Washington — It may not equal Social Security and Medicare as a “third rail” program that politicians touch at their own risk, yet Medicaid seems to have gotten stronger after the Republican failure to pass health care legislation.
Reviled by conservatives, the 1960s Great Society program started out as health insurance for families on welfare and disabled people. But the link to welfare was broken long ago, and the federal-state program has grown to cover about 1 in 5 Americans, ranging from newborns to Alzheimer’s patients in nursing homes, and even young adults trying to shake addiction. Although Medicaid still serves low-income people, middle-class workers are more likely to personally know someone who’s covered.
Increased participation — and acceptance — means any new GOP attempt to address problems with the Affordable Care Act would be unlikely to achieve deep Medicaid cuts.
“This was an important moment to show that people do understand and appreciate what Medicaid does,” said Matt Salo, executive director of the National Association of Medicaid Directors, a nonpartisan group that represents state officials. “The more people understand what Medicaid is and what it does for them, the less interested they are in seeing it undermined.”

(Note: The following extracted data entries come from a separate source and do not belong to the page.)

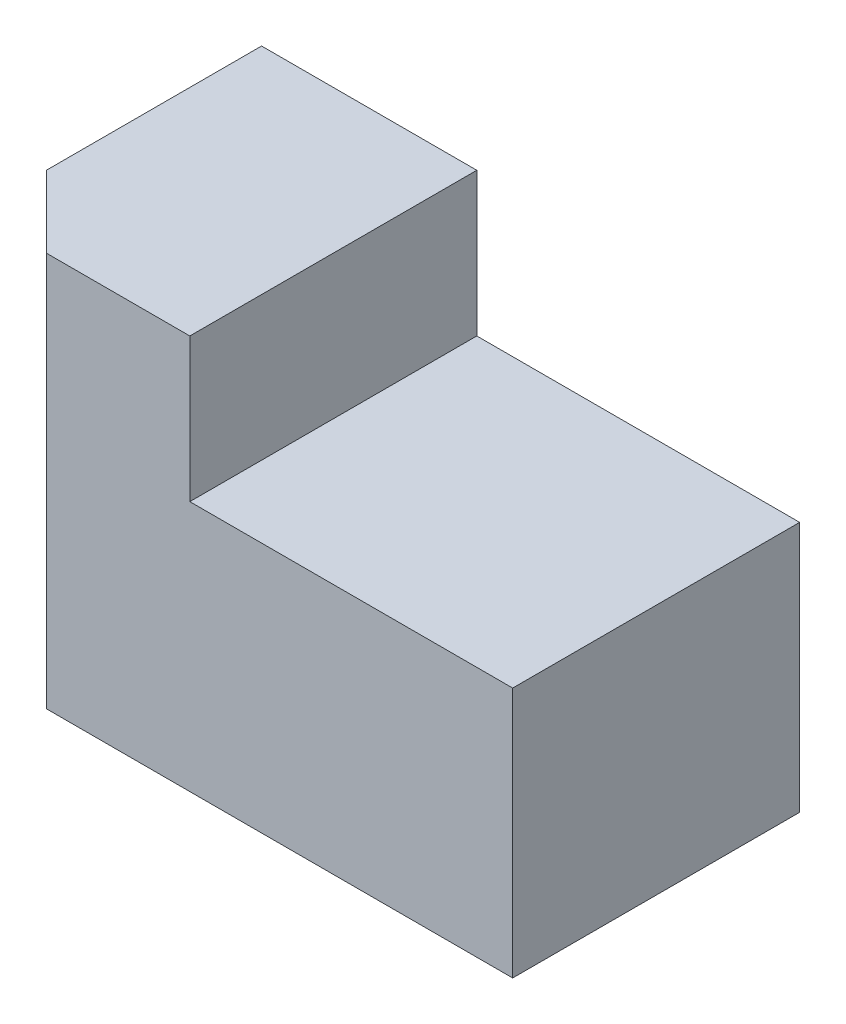
from build123d import *

# Parameters (mm, degrees)
BOSS_EXTRUDE1_DEPTH = 69.85
SKETCH2_W           = 50.8
SKETCH2_H           = 44.45
BOSS_EXTRUDE2_DEPTH = 57.15
SKETCH3_W           = 6.35
SKETCH3_H           = 38.1
BOSS_EXTRUDE3_DEPTH = 6.35


with BuildPart() as part:
    # Sketch1 → Boss-Extrude1 (new body)
    with BuildSketch(Plane(origin=(0, 0, 0), x_dir=(1, 0, 0), z_dir=(0, 1, 0))):
        Polygon((0, 0), (0, 38.1), (38.1, 38.1), (38.1, -12.7), (12.7, -12.7), align=None)
    extrude(amount=BOSS_EXTRUDE1_DEPTH)

    # Sketch2 → Boss-Extrude2 (add)
    with BuildSketch(Plane(origin=(38.1, 0, 0), x_dir=(0, 0, -1), z_dir=(1, 0, 0))):
        with Locations((12.7, 22.225)):
            Rectangle(SKETCH2_W, SKETCH2_H)
    extrude(amount=BOSS_EXTRUDE2_DEPTH)

    # Sketch3 → Boss-Extrude3 (add)
    with BuildSketch(Plane(origin=(0, 0, 0), x_dir=(-1, 0, 0), z_dir=(0, -1, 0))):
        with Locations((-53.975, 12.7)):
            Rectangle(SKETCH3_W, SKETCH3_H)
        with Locations((-28.575, 12.7)):
            Rectangle(SKETCH3_W, SKETCH3_H)
        with Locations((-41.275, 12.7)):
            Rectangle(SKETCH3_W, SKETCH3_H)
        with Locations((-66.675, 12.7)):
            Rectangle(SKETCH3_W, SKETCH3_H)
        with Locations((-79.375, 12.7)):
            Rectangle(SKETCH3_W, SKETCH3_H)
    extrude(amount=BOSS_EXTRUDE3_DEPTH)


solid = part.part
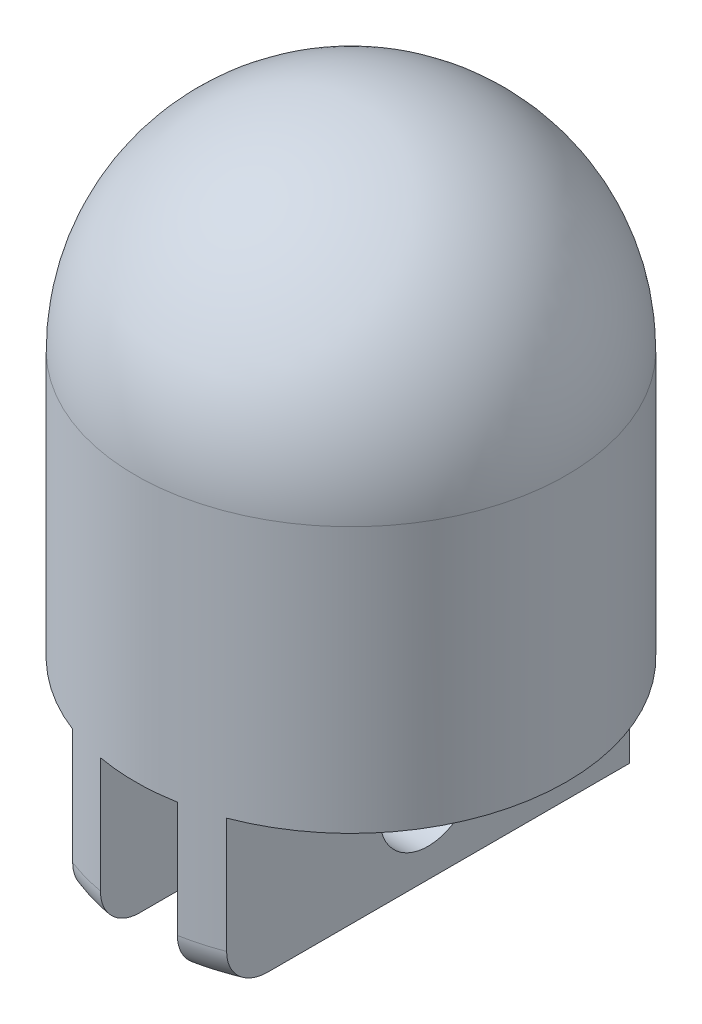
from build123d import *

# Parameters (mm, degrees)
CUT_EXTRUDE1_DEPTH = 10.16
SKETCH3_R          = 3.175
CUT_EXTRUDE2_DEPTH = 49.284725245
FILLET1_R          = 2.54


with BuildPart() as part:
    # Sketch1 → Revolve1 (revolve)
    with BuildSketch(Plane.XY):
        with BuildLine():
            Line((0, 0), (0, 5.602635041))
            Line((0, 5.602635041), (-2.54, 5.602635041))
            Line((-2.54, 5.602635041), (-2.54, 22.86))
            ThreePointArc((-2.54, 22.86), (-5.294384008, 28.994194932), (0, 33.139611281))
            Line((0, 33.139611281), (0, 41.91))
            ThreePointArc((0, 41.91), (-10.057886856, 37.743886856), (-14.224, 27.686))
            Line((-14.224, 27.686), (-14.224, 0))
            Line((-14.224, 0), (0, 0))
        make_face()
    revolve(axis=Axis((0, 0, 0), (0, 1, 0)))

    # Sketch2 → Cut-Extrude1 (cut)
    with BuildSketch(Plane.XZ):
        with BuildLine():
            Line((-2.54, 13.995376951), (-2.54, -13.995376951))
            ThreePointArc((-2.54, -13.995376951), (0, -14.224), (2.54, -13.995376951))
            Line((2.54, -13.995376951), (2.54, 13.995376951))
            ThreePointArc((2.54, 13.995376951), (0, 14.224), (-2.54, 13.995376951))
        make_face()
        with BuildLine():
            Line((-5.08, 13.28592398), (-5.08, -13.28592398))
            ThreePointArc((-5.08, -13.28592398), (-14.224, 0), (-5.08, 13.28592398))
        make_face()
        with BuildLine():
            Line((5.08, 13.28592398), (5.08, -13.28592398))
            ThreePointArc((5.08, -13.28592398), (14.224, 0), (5.08, 13.28592398))
        make_face()
    extrude(amount=-CUT_EXTRUDE1_DEPTH, mode=Mode.SUBTRACT)

    # Sketch3 → Cut-Extrude2 (cut, through all)
    with BuildSketch(Plane.ZY.offset(5.08)):
        with Locations((0, 5.08)):
            Circle(SKETCH3_R)
    extrude(amount=-CUT_EXTRUDE2_DEPTH, mode=Mode.SUBTRACT)

    # Fillet1
    fillet1_edges = [part.edges().sort_by_distance(p)[0] for p in [
        (3.826477607, 0, 13.699643978),
        (-3.826477607, 0, 13.699643978),
    ]]
    fillet(fillet1_edges, radius=FILLET1_R)


solid = part.part
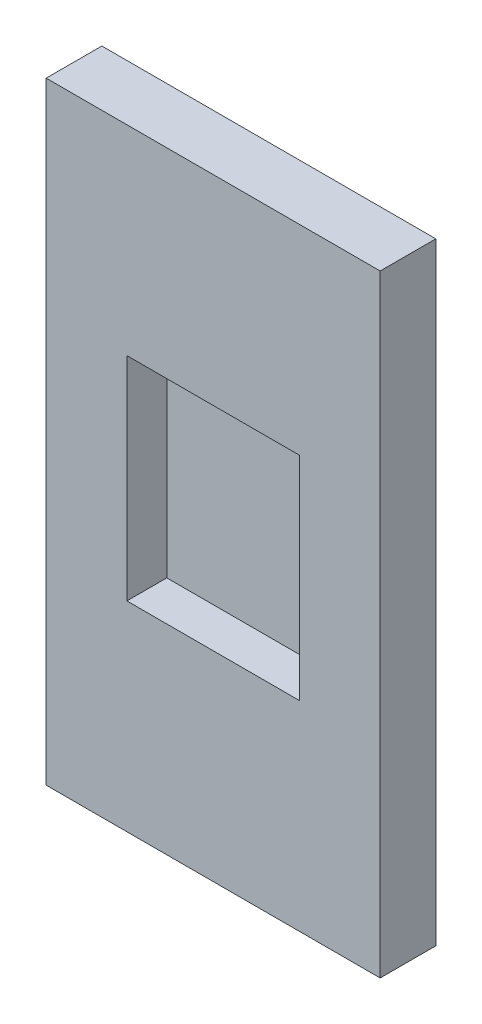
from build123d import *

# Parameters (mm, degrees)
SKETCH_1_W          = 18
SKETCH_1_H          = 33
EXTRUDE_1_DEPTH     = 3
SKETCH_2_W          = 9.3
SKETCH_2_H          = 11.45
CUT_EXTRUDE_1_DEPTH = 2.15


with BuildPart() as part:
    # 스케치1 → 보스-돌출1 (new body)
    with BuildSketch(Plane.XY):
        Rectangle(SKETCH_1_W, SKETCH_1_H)
    extrude(amount=EXTRUDE_1_DEPTH)

    # 스케치2 → 컷-돌출1 (cut)
    with BuildSketch(Plane.XY.offset(3)):
        Rectangle(SKETCH_2_W, SKETCH_2_H)
    extrude(amount=-CUT_EXTRUDE_1_DEPTH, mode=Mode.SUBTRACT)


solid = part.part

With Republicans in control of the White House, both chambers of Congress, and 34 out of 50 governorships, it would have been hard to imagine a more politically advantageous alignment for a conservative overhaul of Medicaid.
President Barack Obama’s Affordable Care Act expanded Medicaid to cover more low-income adults, many of them working jobs without health insurance. Thirty-one states have accepted the ACA’s expansion, covering about 11 million people.
The GOP bills would have phased out funding for Obama’s expansion, and also placed a limit on future federal spending for the entire program — a step now seen as overreach. Spending caps in the House and Senate bills translated to deep cuts that divided Republicans.
And GOP governors who had expanded the program couldn’t swallow the idea of denying coverage to hundreds of thousands of constituents. Some went public with their opposition, while others quietly warned their congressional delegations about dire consequences.
Medicaid “is not yet at the Medicare and Social Security level because it isn’t framed as something that you contribute to during your working years and you get it later as a commitment,” said Diane Rowland of the nonpartisan Kaiser Family Foundation. “But I think there is a recognition that for all its flaws…it’s really the nation’s health care safety net.”
An AP-NORC poll taken last month found the public overwhelmingly opposed to GOP Medicaid cuts, by 62-22.
“You just can’t do this to people who are in situations that they didn’t put themselves in,” said Sara Hayden of Half Moon Bay, California. Unable to work as a data journalist due to complications of rheumatoid arthritis, she was able to get health insurance when her state expanded Medicaid.
Hayden estimates that one of the medications she takes would cost about $16,000 a month if she were uninsured. She pays nothing with Medi-Cal, as the Medicaid program is known in California.
“If they are going to repeal and replace, then I am dead in the water,” she said.
Brian Kline of Quakertown, Pennsylvania, works as a customer service representative, and got coverage after his state expanded Medicaid in 2015. Early last year he was diagnosed with colon cancer. After treatment that Medicaid paid for, his last CT scan was clear.
“You just wonder if the Republican bill had passed…what would have happened to me?” said Kline. “Would I have had access to my doctors and the tests to make sure my cancer didn’t come back? I’m not sure what the answer to that question would have been.”
Many Republicans view Obama’s Medicaid expansion as promoting wasteful spending, because the federal government pays no less than 90 percent of the cost of care, a higher matching rate than Washington provides for the rest of the program.
“That is not a good recipe for encouraging states to implement better, lower-cost models of care,” said Mark McClellan, who oversaw Medicare and Medicaid under former President George W. Bush.
Nonetheless, the debate showed Congress can’t just elbow its way to a Medicaid overhaul.
“You are going to have to be gentle and thoughtful, working in a bipartisan way to see what ideas will reach across the aisle,” said Republican economist Gail Wilensky, also a former Medicare and Medicaid administrator.
The push for Medicaid changes will now shift to the states. Some on the political right are seeking federal approval for work requirements and drug testing. From the left, activists in the 19 states that have not yet expanded their programs are contemplating revived campaigns.
An area that could find bipartisan support is health promotion, since Medicaid beneficiaries tend to have higher rates of smoking and other harmful lifestyle factors.
Katherine Hempstead, who directs health insurance research for the nonpartisan Robert Wood Johnson Foundation says Medicaid has come out a “winner” — for now.
“I imagine these challenges to Medicaid will rise again,” she added. “But I think its supporters will also rise again.”